5.10. Consider light bulbs, produced by a machine, whose life \(X\) in hours is a random variable obeying an exponential probability law with a mean lifetime of 1000 hours.

(i) Find approximately the probability that a sample of 100 bulbs selected at random from the output of the machine will contain between 30 and 40 bulbs with a lifetime greater than 1020 hours.

(ii) Find approximately the probability that the sum of the lifetimes of 100 bulbs selected randomly from the output of the machine will be less than 110,000 hours.

5.11. The apparatus known as Galton’s quincunx is described in exercise 2.10 of Chapter 6. Assume that in passing from one row to the next the change \(X\) in the abscissa of a ball is a random variable, with the following probability law: \(P\left[X=\frac{1}{2}\right]=P\left[X=-\frac{1}{2}\right]=\frac{1}{2}-\eta,\; P\left[X=\frac{3}{2}\right]=P\left[X=-\frac{3}{2}\right]=\) \(\eta\) , in which \(\eta\) is an unknown constant. In an experiment performed with a quincunx consisting of 100 rows, it was found that \(80 \%\) of the balls inserted into the apparatus passed through the 21 central openings of the last row (that is, the openings with abscissas \(0, \pm 1, \pm 2, \ldots, \pm 10\) ). Determine the value of \(\eta\) consistent with this result.

Answer

\(\eta=0.10\) .

5.12. A man invests a total of \(N\) dollars in a group of \(n\) securities, whose rates of return (interest rates) are independent random variables \(X_{1}, X_{2}, \ldots, X_{n}\) , respectively, with means \(i_{1}, i_{2}, \ldots, i_{n}\) and variances \(\sigma_{1}^{2}, \sigma_{2}^{2}, \ldots, \sigma_{n}^{2}\) , respectively. If the man invests \(N_{j}\) dollars in the \(j\) th security, then his return in dollars on this particular portfolio is a random variable \(R\) given by \(R=N_{1} X_{1}+N_{2} X_{2}+\cdots+N_{n} X_{n}\) . Let the standard deviation \(\sigma[R]\) of \(R\) be used as a measure of the risk involved in selecting a given portfolio of securities. In particular, let us consider the problem of distributing investments of 5500 dollars between two securities, one of which has a rate of return \(X_{1}\) , with mean \(6 \%\) and standard deviation \(1 \%\) , whereas the other has a rate of return \(X_{2}\) with mean \(15 \%\) and standard deviation \(10 \%\) .
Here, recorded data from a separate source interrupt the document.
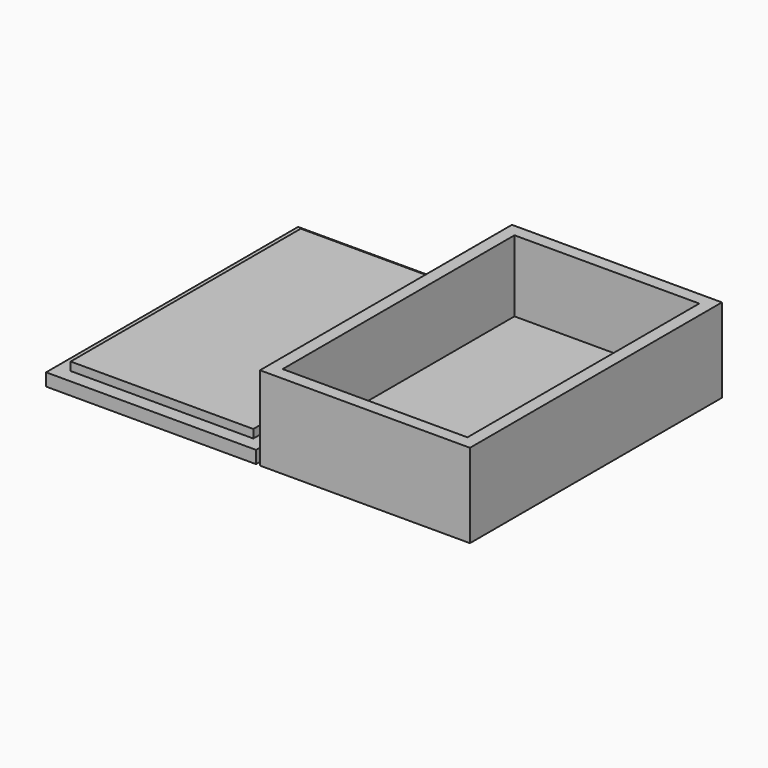
from build123d import *

# Parameters (mm, degrees)
F0_W         = 50
F0_H         = 75
F1_DEPTH     = 20
F2_W         = 44
F2_H         = 69
F3_DEPTH     = 17
F4_W         = 50
F4_H         = 75
F5_DEPTH     = 3
F6_W         = 43.5
F6_H         = 68.5
F7_DEPTH     = 2
F8_TEXT_SIZE = 17.2167085111
F9_DEPTH     = 2


# Not quite as in the source:
# - Text() gives the source's letters only with a copy of the font that has no kerning and outlines rounded to 1/6400 em; it was checked with that copy


with BuildPart() as f1:
    # F0 (on Top) → F1 (new body)
    with BuildSketch(Plane.XY):
        with Locations((25, 37.5)):
            Rectangle(F0_W, F0_H)
    extrude(amount=F1_DEPTH)

    # F2 (on face) → F3 (cut)
    with BuildSketch(Plane.XY.offset(20)):
        with Locations((25, 37.5)):
            Rectangle(F2_W, F2_H)
    extrude(amount=-F3_DEPTH, mode=Mode.SUBTRACT)


with BuildPart() as f5:
    # F4 (on Top) → F5 (new body)
    with BuildSketch(Plane.XY):
        with Locations((-25.9370788932, 37.5)):
            Rectangle(F4_W, F4_H)
    extrude(amount=F5_DEPTH)

    # F6 (on face) → F7 (join)
    with BuildSketch(Plane.XY.offset(3)):
        with Locations((-25.9370788932, 37.5)):
            Rectangle(F6_W, F6_H)
    extrude(amount=F7_DEPTH)

    # F8 (on face) → F9 (cut)
    with BuildSketch(Plane(origin=(0, 0, 0), x_dir=(1, 0, 0), z_dir=(0, 0, -1))):
        with Locations(Location((-20.9243891761, -62.515027108), (0, 0, 90))):
            Text('Janice', F8_TEXT_SIZE, font='Open Sans', text_align=(TextAlign.LEFT, TextAlign.BOTTOM))
    extrude(amount=-F9_DEPTH, mode=Mode.SUBTRACT)


solid = Compound([f1.part, f5.part])

(i) If it is desired to hold the risk to a minimum, what amounts \(N_{1}\) and \(N_{2}\) should be invested in the respective securities? What is the mean and variance of the return from this portfolio?

(ii) What is the amount of risk that must be taken in order to achieve a portfolio whose mean return is equal to 400 dollars?

(iii) By means of Chebyshev’s inequality, find an interval, symmetric about 400 dollars, that, with probability greater than \(75 \%\) , will contain the return \(R\) from the portfolio with a mean return \(E[R]=400\) dollars. Would you be justified in assuming that the return \(R\) is approximately normally distributed?